• **WHAT THE EXERCISE ASKS**
Find the lines below that contain "Inventor" and tally them. Return only the total.

Collected data:
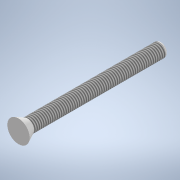
# Autodesk Inventor part: 12_Vite_M3_L30
Saved by Autodesk Inventor 2020 (Build 240168000, 168)
## iProperties
Created: 2019-10-16
Part Number: 12_Vite_M3_L30
Material: Generico
Document SubType Name: Modeling
Designer: socci
Density: 1 g/cm^3
Appearance: Default
Author: socci
Autodesk Inventor part; units mm, degrees
ref_plane "YZ Plane" through (0, 0, 0) normal (1, 0, 0) x (0, 1, 0)
ref_plane "XZ Plane" through (0, 0, 0) normal (0, 1, 0) x (-1, 0, 0)
ref_plane "XY Plane" through (0, 0, 0) normal (0, 0, 1) x (1, 0, 0)
sketch "Schizzo1" plane through (0, 0, 0) normal (0, 1, 0) x (-1, 0, 0)
  line L0 (0, 0) -> (1.5, 0)
  line L1 (0, 0) -> (1.5, 0) construction
  line L2 (0, 2) -> (2.5, 2)
  line L3 (0, 2) -> (2.5, 2) construction
  line L4 (0, 0) -> (0, 2)
  line L5 (2.5, 2) -> (1.5, 0)
  line L6 (1.5, 0) -> (0, 0)
  line L7 (0, 0) -> (0, -30)
  line L8 (0, -30) -> (1.5, -30)
  line L9 (1.5, -30) -> (1.5, 0)
  dimension "d0" = 1.5
  dimension "d2" = 2.5
  dimension "d4" = 2
  dimension "d6" = 30
  constraints: 20 end point, 3 equal length, 3 perpendicular
  measures "d0" distance of L0.start L0.end
  measures "d2" distance of L2.start L2.end
  measures "d4" distance of L0.start L2.start
  measures "d6" distance of L0.start L7.end
revolve "Rivoluzione1" add sketch "Schizzo1" angle 360 about axis through (0, 0, 0) along (0, 0, -1)
fillet "Raccordo1" radius 0.5 1 edges at (1.5, 0, -30)
thread "Filettatura1" size "M3x0.5" class "6g" standard "ANSI Metric M Profile" full length

• **TASK RESPONSE**
3